Alex A Adjei1, Roger B Cohen, Wilbur Franklin, Clive Morris, David Wilson, Julian R Molina, Lorelei J Hanson, Lia Gore, Laura Chow, Stephen Leong, Lara Maloney, Gilad Gordon, Heidi Simmons, Allison Marlow, Kevin Litwiler, Suzy Brown, Gregory Poch, Katie Kane, Jerry Haney, S Gail Eckhardt.   

Abstract

PURPOSE: To assess the tolerability, pharmacokinetics (PKs), and pharmacodynamics (PDs) of the mitogen-activated protein kinase kinase (MEK) 1/2 inhibitor AZD6244 (ARRY-142886) in patients with advanced cancer. PATIENTS AND METHODS: In part A, patients received escalating doses to determine the maximum-tolerated dose (MTD). In both parts, blood samples were collected to assess PK and PD parameters. In part B, patients were stratified by cancer type (melanoma v other) and randomly assigned to receive the MTD or 50% MTD. Biopsies were collected to determine inhibition of ERK phosphorylation, Ki-67 expression, and BRAF, KRAS, and NRAS mutations.

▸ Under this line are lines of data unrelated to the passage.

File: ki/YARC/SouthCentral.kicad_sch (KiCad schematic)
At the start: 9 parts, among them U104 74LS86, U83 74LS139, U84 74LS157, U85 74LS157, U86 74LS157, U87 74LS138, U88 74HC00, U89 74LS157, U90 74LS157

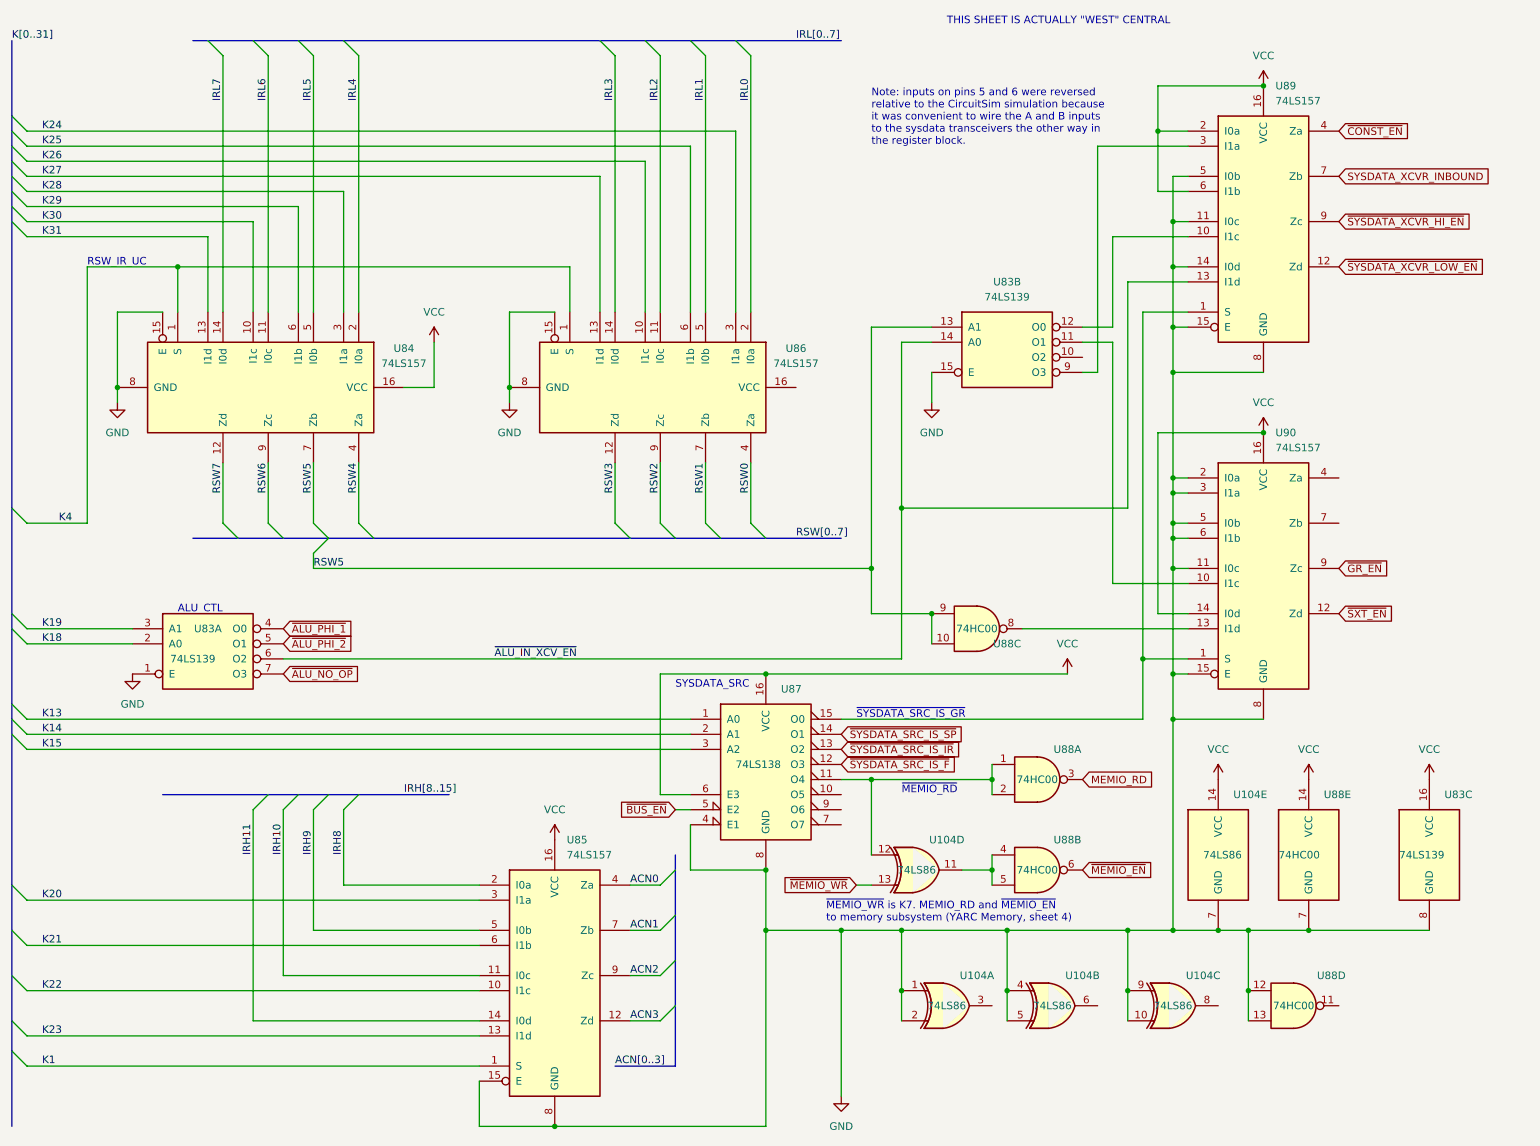
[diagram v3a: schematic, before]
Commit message: Ongoing fixes for ERC errors
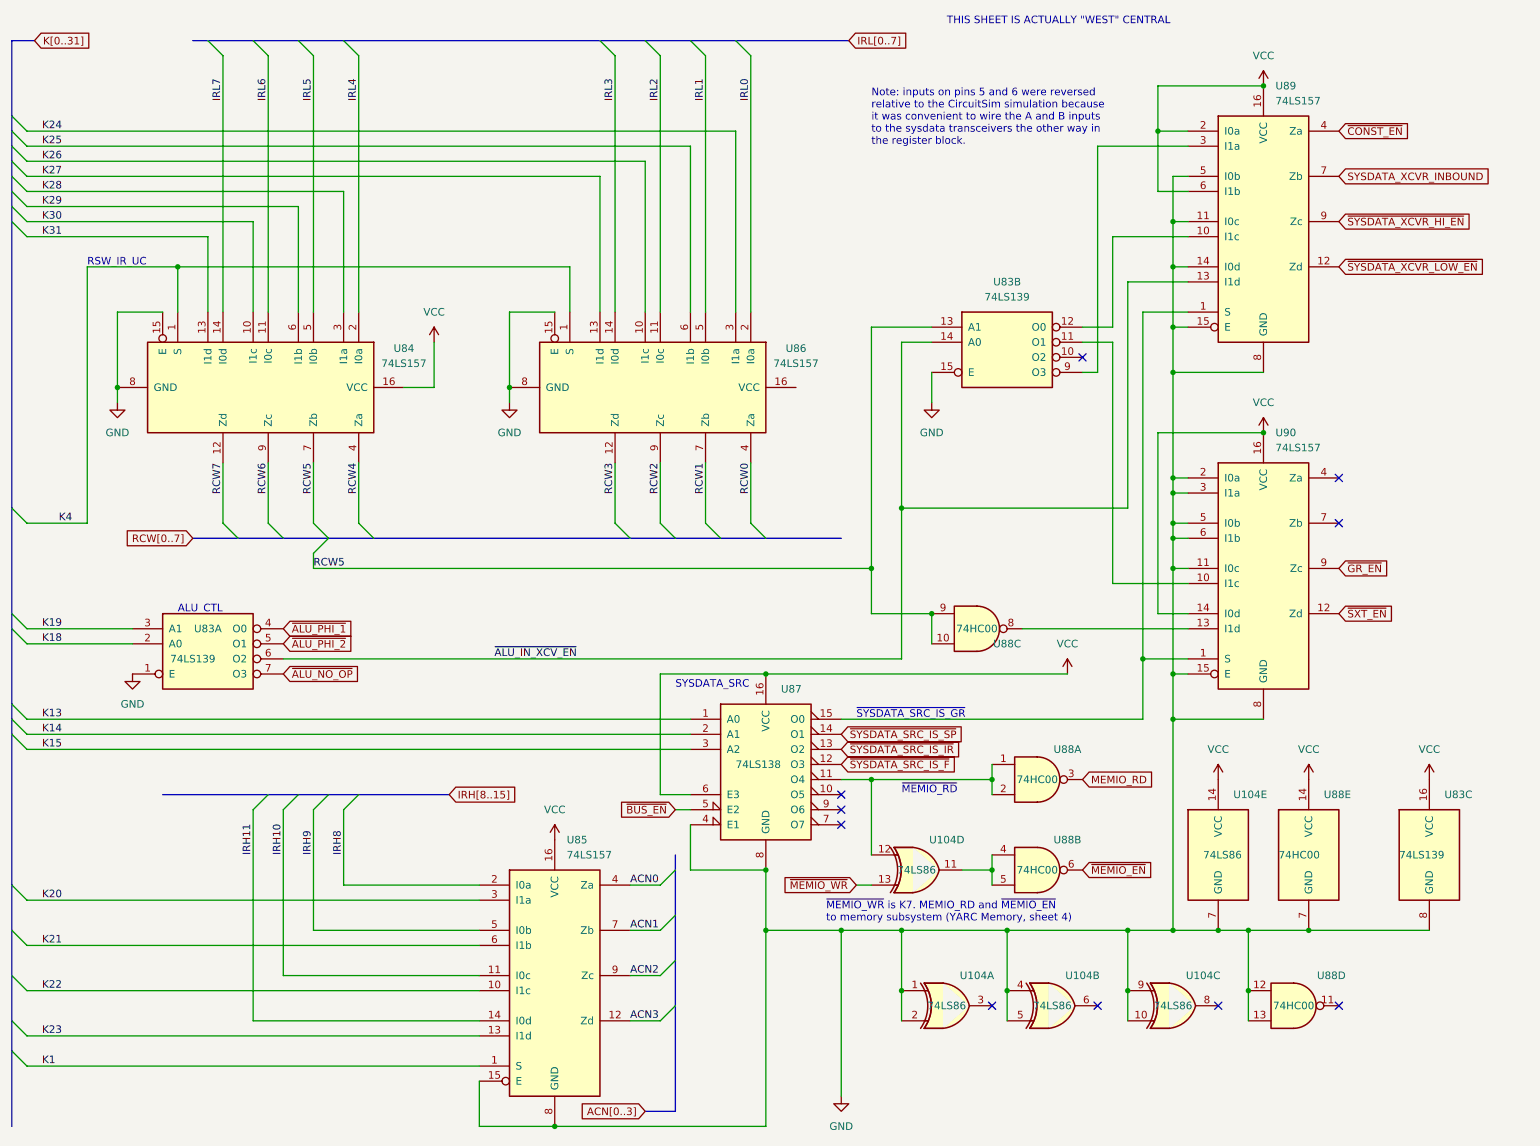
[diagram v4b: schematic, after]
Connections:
- net RSW0 renamed RCW0
- net RSW1 renamed RCW1
- net RSW2 renamed RCW2
- net RSW3 renamed RCW3
- net RSW4 renamed RCW4
- net RSW5 renamed RCW5
- net RSW6 renamed RCW6
- net RSW7 renamed RCW7
- no-connect marks 0 -> 10
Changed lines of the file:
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@@
   (junction (at 180.34 157.48) (diameter 0) (color 0 0 0 0)
   )
+  (no_connect (at 180.34 180.34))
+  (no_connect (at 238.76 91.44))
+  (no_connect (at 238.76 99.06))
+  (no_connect (at 195.58 71.12))
+  (no_connect (at 238.76 180.34))
+  (no_connect (at 154.94 147.32))
+  (no_connect (at 154.94 144.78))
+  (no_connect (at 198.12 180.34))
+  (no_connect (at 154.94 149.86))
+  (no_connect (at 218.44 180.34))
   (bus_entry (at 68.58 101.6) (size -2.54 -2.54)
     (stroke (width 0) (type default))
@@
     (stroke (width 0) (type default))
   )
-  (bus (pts (xy 116.84 190.5) (xy 127 190.5))
+  (bus (pts (xy 121.92 198.12) (xy 127 198.12))
     (stroke (width 0) (type default))
   )
@@
     (stroke (width 0) (type default))
   )
-  (bus (pts (xy 127 180.34) (xy 127 190.5))
+  (bus (pts (xy 127 180.34) (xy 127 198.12))
     (stroke (width 0) (type default))
   )
@@
     (stroke (width 0) (type default))
   )
+  (bus (pts (xy 15.24 17.78) (xy 19.05 17.78))
+    (stroke (width 0) (type default))
+  )
   (wire (pts (xy 33.02 78.74) (xy 33.02 76.2))
     (stroke (width 0) (type default))
@@
     (stroke (width 0) (type default))
   )
-  (bus (pts (xy 137.16 17.78) (xy 154.94 17.78))
+  (bus (pts (xy 137.16 17.78) (xy 156.21 17.78))
     (stroke (width 0) (type default))
   )
@@
     (effects (font (size 1.27 1.27)) (justify left bottom))
   )
-  (label "RSW6" (at 58.42 88.9 270) (fields_autoplaced)
+  (label "RCW6" (at 58.42 88.9 270) (fields_autoplaced)
     (effects (font (size 1.27 1.27)) (justify right bottom))
   )
@@
     (effects (font (size 1.27 1.27)) (justify left bottom))
   )
-  (label "RSW2" (at 124.46 88.9 270) (fields_autoplaced)
+  (label "RCW2" (at 124.46 88.9 270) (fields_autoplaced)
     (effects (font (size 1.27 1.27)) (justify right bottom))
   )
@@
   )
   (label "IRL0" (at 139.7 27.94 90) (fields_autoplaced)
-    (effects (font (size 1.27 1.27)) (justify left bottom))
-  )
-  (label "RSW[0..7]" (at 147.32 101.6 0) (fields_autoplaced)
     (effects (font (size 1.27 1.27)) (justify left bottom))
   )
@@
     (effects (font (size 1.27 1.27)) (justify right bottom))
   )
-  (label "K[0..31]" (at 15.24 17.78 0) (fields_autoplaced)
-    (effects (font (size 1.27 1.27)) (justify left bottom))
-  )
   (label "~{ALU_IN_XCV_EN}" (at 96.52 121.92 0) (fields_autoplaced)
     (effects (font (size 1.27 1.27)) (justify left bottom))
@@
     (effects (font (size 1.27 1.27)) (justify left bottom))
   )
-  (label "RSW0" (at 139.7 88.9 270) (fields_autoplaced)
+  (label "RCW0" (at 139.7 88.9 270) (fields_autoplaced)
     (effects (font (size 1.27 1.27)) (justify right bottom))
   )
@@
     (effects (font (size 1.27 1.27)) (justify left bottom))
   )
-  (label "ACN[0..3]" (at 116.84 190.5 0) (fields_autoplaced)
-    (effects (font (size 1.27 1.27)) (justify left bottom))
-  )
-  (label "RSW3" (at 116.84 88.9 270) (fields_autoplaced)
+  (label "RCW3" (at 116.84 88.9 270) (fields_autoplaced)
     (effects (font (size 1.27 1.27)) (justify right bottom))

RESULTS: Fifty-seven patients were enrolled. MTD in part A was 200 mg bid, but this dose was discontinued in part B because of toxicity. The 50% MTD (100 mg bid) was well tolerated. Rash was the most frequent and dose-limiting toxicity. Most other adverse events were grade 1 or 2. The PKs were less than dose proportional, with a median half-life of approximately 8 hours and inhibition of ERK phosphorylation in peripheral-blood mononuclear cells at all dose levels. Paired tumor biopsies demonstrated reduced ERK phosphorylation (geometric mean, 79%). Five of 20 patients demonstrated >or= 50% inhibition of Ki-67 expression, and RAF or RAS mutations were detected in 10 of 26 assessable tumor samples. Nine patients had stable disease (SD) for >or= 5 months, including two patients with SD for 19 (thyroid cancer) and 22 (uveal melanoma plus renal cancer) 28-day cycles.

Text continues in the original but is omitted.